In the event you choose NOT to use the CLSO, the amount of final liability will be determined either by an HMRC whole or partial victory in court, say five to seven years from now, or by reaching a negotiated settlement with the tax authority. This may take between three and five years’ time and HMRC will be reluctant to immediately start negotiating. It is expected that HMRC will take a very hard line (at least to begin with), while it will also require careful and diligent digging into facts and processes behind schemes and the application of principles rising from avoidance cases to achieve progress.
In addition, litigation is expensive. Providers who remain visible may shoulder some of this burden for contractors. But those providers who are no longer with us have exposed those wishing to fight with potentially large legal bills. Costs will vary a lot but getting to First Tier Tribunal with an experienced advocate might cost £250,000, and in some cases an advance payment into court is required. Each level of appeal (there are up to four tiers in the appeals process) will also require funding, as might paying the winning party’s costs.
Strength in numbers
On the other hand, negotiation is less expensive - but it too requires the best advice you can afford.

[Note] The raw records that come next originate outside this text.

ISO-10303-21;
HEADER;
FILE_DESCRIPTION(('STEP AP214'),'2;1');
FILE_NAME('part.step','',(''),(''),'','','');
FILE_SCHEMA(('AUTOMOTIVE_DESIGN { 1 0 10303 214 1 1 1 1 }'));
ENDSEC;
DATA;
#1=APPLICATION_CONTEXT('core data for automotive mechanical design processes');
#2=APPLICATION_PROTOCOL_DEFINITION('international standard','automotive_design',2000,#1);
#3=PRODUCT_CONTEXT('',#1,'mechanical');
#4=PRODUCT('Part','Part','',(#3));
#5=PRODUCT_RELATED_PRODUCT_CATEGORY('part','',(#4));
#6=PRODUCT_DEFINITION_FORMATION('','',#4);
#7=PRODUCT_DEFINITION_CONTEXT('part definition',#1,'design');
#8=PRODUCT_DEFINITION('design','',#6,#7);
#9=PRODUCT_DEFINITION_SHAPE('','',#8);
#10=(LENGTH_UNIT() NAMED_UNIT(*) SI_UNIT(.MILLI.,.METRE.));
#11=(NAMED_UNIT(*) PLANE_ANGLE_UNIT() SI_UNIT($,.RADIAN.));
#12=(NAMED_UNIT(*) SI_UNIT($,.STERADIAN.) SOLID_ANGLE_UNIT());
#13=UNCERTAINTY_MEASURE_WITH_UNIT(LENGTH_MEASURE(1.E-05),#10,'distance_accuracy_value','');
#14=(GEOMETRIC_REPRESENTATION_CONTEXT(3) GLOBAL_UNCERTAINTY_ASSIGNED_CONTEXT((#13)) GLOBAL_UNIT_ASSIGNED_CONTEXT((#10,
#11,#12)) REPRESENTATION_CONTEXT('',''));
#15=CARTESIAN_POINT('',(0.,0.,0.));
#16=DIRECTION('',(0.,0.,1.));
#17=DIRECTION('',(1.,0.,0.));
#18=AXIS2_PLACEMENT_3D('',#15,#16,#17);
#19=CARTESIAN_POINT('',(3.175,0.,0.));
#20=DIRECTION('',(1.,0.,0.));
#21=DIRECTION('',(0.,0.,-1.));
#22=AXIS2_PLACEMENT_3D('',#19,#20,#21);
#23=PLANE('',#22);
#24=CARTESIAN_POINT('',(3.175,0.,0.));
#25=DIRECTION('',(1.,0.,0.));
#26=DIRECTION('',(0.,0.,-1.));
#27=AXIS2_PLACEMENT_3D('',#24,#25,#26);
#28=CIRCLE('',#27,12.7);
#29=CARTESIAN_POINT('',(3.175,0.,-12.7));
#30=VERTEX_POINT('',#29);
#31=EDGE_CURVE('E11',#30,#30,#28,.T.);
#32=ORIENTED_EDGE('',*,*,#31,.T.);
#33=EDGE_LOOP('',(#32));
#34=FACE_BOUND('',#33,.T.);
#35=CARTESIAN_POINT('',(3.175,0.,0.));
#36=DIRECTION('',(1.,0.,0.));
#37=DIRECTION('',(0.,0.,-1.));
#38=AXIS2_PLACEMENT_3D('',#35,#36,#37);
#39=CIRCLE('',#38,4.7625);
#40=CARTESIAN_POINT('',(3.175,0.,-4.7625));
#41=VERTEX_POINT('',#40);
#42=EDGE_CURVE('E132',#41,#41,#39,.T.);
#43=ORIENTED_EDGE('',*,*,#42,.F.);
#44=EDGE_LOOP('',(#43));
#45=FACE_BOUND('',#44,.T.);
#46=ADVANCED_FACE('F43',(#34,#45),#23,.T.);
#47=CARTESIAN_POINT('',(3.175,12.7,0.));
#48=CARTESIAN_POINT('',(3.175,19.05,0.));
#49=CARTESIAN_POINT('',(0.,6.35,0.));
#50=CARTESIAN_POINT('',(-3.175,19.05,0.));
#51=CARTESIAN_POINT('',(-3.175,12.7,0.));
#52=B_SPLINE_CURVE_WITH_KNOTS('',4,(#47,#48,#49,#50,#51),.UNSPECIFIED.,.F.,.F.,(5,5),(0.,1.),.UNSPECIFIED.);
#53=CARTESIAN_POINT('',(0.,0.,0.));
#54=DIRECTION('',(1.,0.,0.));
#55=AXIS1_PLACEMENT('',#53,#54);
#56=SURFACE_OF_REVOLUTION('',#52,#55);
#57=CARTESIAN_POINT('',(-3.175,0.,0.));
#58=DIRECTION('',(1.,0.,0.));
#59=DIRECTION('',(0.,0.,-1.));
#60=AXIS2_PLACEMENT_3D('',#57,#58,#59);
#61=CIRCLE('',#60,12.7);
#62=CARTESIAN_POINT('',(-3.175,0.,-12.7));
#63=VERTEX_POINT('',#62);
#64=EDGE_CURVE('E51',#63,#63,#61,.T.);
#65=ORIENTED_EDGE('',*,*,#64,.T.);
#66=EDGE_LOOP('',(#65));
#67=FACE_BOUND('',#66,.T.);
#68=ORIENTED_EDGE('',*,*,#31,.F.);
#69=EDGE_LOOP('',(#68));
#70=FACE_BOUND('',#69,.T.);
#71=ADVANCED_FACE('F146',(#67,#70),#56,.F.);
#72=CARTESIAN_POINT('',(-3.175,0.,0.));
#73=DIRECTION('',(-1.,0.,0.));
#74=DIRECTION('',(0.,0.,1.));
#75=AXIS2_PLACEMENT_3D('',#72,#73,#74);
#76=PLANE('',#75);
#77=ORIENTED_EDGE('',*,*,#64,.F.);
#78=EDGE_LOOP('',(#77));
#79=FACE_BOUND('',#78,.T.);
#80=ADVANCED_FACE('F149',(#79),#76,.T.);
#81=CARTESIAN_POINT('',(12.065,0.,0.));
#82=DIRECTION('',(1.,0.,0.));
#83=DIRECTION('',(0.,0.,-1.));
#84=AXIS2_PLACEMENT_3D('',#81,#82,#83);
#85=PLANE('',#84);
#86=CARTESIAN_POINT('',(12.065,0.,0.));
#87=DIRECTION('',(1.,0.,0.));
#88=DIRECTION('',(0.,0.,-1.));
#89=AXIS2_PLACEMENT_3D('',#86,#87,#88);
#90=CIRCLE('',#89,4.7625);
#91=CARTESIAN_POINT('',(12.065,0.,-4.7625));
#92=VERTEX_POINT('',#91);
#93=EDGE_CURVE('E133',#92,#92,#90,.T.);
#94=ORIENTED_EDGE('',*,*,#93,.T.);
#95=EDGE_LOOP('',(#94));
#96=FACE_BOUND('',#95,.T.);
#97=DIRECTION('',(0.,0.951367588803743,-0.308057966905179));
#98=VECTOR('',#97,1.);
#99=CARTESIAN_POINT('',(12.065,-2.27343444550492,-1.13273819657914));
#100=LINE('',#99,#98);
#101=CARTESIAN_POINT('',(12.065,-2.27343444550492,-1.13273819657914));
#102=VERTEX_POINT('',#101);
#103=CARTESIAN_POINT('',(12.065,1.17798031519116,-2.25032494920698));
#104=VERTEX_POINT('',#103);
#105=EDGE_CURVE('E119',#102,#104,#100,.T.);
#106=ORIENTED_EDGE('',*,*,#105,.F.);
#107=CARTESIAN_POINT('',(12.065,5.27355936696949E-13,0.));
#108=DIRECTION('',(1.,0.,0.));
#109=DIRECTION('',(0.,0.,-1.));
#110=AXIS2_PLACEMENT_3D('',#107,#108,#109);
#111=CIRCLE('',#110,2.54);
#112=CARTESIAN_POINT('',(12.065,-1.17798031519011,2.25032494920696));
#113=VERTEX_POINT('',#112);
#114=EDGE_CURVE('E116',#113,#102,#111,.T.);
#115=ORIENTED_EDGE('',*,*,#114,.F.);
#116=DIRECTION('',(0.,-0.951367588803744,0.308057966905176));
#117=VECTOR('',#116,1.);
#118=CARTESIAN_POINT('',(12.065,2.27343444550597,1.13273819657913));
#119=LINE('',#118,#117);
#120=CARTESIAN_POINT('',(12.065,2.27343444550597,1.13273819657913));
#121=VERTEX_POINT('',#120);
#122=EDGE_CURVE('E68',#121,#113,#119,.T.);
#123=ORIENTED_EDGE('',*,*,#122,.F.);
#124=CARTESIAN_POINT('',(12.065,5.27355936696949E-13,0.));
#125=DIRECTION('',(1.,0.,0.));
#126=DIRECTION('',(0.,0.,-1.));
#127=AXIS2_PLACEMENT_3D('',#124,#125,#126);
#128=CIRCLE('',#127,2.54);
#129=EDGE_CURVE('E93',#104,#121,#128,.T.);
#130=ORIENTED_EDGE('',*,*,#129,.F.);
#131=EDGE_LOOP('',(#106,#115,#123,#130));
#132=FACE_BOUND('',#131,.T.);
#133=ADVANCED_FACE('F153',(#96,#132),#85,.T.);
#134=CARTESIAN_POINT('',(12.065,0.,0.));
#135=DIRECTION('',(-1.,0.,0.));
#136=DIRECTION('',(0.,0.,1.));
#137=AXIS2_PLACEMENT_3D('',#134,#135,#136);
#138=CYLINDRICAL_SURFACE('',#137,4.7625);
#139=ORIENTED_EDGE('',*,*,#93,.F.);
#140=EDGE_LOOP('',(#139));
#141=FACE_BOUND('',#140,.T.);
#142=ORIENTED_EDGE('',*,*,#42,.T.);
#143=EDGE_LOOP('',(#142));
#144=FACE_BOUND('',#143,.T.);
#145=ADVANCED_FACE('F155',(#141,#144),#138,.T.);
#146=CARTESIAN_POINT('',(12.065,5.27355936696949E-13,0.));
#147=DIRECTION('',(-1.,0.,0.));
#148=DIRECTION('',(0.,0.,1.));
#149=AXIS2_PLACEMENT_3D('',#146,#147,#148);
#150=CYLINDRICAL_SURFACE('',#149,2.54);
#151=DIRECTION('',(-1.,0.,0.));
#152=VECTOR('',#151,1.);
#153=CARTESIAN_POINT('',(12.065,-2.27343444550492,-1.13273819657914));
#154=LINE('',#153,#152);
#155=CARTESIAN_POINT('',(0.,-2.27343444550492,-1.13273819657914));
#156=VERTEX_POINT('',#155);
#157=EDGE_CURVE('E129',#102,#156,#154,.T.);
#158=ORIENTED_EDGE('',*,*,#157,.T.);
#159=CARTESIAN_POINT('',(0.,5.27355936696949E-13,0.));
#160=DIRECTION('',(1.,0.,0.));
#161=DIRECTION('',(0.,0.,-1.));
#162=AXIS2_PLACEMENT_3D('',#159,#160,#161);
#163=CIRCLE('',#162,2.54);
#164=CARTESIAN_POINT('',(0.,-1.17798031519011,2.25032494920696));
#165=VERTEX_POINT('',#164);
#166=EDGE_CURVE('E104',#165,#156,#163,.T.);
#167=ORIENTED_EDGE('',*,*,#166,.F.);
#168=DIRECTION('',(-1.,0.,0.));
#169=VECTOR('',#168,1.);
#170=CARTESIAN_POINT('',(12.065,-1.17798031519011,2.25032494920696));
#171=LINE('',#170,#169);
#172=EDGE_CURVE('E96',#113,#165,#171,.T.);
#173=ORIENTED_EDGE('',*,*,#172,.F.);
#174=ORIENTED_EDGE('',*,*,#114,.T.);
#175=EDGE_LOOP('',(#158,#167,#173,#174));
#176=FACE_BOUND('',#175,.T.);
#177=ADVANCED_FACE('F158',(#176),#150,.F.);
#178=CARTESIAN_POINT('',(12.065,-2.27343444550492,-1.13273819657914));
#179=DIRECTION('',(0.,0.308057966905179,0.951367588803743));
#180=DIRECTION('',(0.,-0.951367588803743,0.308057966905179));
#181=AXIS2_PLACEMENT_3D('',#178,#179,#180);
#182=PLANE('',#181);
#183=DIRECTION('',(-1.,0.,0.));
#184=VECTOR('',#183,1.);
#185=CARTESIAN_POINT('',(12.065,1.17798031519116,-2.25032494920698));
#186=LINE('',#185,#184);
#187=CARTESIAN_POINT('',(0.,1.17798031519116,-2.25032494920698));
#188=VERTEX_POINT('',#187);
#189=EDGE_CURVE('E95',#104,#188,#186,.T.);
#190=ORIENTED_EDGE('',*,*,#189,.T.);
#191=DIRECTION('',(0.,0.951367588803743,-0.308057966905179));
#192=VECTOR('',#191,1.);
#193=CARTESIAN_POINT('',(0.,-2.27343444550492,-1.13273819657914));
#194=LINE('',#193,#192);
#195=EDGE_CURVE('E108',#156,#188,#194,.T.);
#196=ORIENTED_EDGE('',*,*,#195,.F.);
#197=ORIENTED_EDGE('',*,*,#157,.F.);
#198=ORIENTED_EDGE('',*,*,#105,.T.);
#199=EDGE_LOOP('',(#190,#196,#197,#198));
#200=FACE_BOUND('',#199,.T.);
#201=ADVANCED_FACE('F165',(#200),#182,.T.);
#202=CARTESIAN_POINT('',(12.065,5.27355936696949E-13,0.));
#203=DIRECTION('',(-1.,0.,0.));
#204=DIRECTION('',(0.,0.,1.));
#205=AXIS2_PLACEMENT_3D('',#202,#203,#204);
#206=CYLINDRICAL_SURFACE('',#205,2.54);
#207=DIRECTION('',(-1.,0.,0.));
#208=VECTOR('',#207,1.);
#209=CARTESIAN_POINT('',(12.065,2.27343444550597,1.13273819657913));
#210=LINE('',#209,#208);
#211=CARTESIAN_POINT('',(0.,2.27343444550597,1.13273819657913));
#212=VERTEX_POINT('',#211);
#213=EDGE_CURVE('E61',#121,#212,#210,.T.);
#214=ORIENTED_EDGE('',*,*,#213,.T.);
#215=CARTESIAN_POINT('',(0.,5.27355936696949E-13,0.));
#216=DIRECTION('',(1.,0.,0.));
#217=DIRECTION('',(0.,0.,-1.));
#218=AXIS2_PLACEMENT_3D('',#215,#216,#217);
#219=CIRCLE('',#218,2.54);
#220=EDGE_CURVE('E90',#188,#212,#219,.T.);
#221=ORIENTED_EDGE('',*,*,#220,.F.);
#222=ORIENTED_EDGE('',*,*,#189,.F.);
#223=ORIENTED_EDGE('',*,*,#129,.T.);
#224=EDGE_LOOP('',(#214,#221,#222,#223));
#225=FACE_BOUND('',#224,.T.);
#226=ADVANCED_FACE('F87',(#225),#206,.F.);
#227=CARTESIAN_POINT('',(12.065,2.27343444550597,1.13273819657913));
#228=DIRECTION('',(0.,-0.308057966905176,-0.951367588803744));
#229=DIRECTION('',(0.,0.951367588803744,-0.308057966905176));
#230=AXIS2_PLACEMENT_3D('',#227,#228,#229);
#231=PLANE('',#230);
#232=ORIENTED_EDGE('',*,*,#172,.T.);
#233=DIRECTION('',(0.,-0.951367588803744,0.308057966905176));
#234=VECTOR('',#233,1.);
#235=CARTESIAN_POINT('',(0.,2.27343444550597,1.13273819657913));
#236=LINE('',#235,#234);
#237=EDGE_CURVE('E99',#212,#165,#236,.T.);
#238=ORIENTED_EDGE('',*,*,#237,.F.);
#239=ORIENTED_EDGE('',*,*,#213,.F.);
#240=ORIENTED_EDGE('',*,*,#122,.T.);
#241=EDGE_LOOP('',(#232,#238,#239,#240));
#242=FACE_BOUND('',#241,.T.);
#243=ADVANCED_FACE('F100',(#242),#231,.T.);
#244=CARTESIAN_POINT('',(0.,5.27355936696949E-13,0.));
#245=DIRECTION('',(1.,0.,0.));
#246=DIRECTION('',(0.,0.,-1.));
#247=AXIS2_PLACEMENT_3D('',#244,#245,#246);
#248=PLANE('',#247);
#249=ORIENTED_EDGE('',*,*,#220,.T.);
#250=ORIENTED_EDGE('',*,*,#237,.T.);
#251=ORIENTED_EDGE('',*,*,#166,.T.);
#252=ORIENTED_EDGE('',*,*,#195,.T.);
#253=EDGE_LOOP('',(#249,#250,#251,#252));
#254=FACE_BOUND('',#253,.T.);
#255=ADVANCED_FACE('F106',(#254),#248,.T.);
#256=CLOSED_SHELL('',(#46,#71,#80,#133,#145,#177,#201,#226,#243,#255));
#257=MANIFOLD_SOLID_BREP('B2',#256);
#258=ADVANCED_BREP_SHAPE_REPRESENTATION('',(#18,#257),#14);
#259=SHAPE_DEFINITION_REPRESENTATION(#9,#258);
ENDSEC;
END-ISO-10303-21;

This is why in both instances (negotiation or litigation), I believe a group approach is better in order to spread and share costs.
The outcome of litigation or settlement might be that HMRC is correct and tax is due for past years based on the loans being income. To this would be added interest and potentially penalties. As to the former, interest on a 2003/04 liability is currently 48% of the tax due. And a penalty may be in the range of between 10% and 80%. It is a fact that 200% penalties are possible, but such a hefty fine is extremely unlikely for the majority of contractors.
Yet even settling the tax on the basis set out above, you would still be left with loans from a trust. These have to be dealt with and many providers are seeing more opportunity for fees here. There is also the chance that the write-off or forgiveness of the loans might create another income tax or inheritance tax problem.
Similarly, there is no certainty that a negotiated settlement will arrive at a better answer. Though there are a number of alternative theories for the taxation of the position that could reduce the final tax liability AND deal with the loans. Many professional firms offer such negotiation exercises and contractors potentially interested in them should question them carefully on their plans, experience and costs.
In summary, HMRC has no definitive answer on how to tax your scheme but they want to treat all loans as income. Chances are that they will achieve a partial victory in litigation within the next five to seven years. If you get an APN, by all means delay and reduce it but remember that the penalty for not paying is harsh (15%). My recommendation is that you register for the CLSO before it expires on June 30th 2015. HMRC says they will get a value to you before the end of September. Examine it carefully. If by then you think it is final enough and low enough, take it. If not, join a group and keep yourself informed.
Finally, a point of clarity: my firm and I are tax advisers who specialise in tax enquiry settlement. I am also a founder of BIG GROUP. The principles of BIG GROUP are to bring together people who, although in different schemes, have the same issues facing them and to find a negotiated settlement with HMRC. The schemes used in the past have many different names, but generally fall into three or four types. New arguments and analysis founded on anti-avoidance cases elsewhere, and bringing the best of the points from all sources to bear, are in everybody’s interests. Throughout this article, I have tried to be balanced and considerate of contractors’ interests but please consider the potential bias that may exist as a result of my two appointments.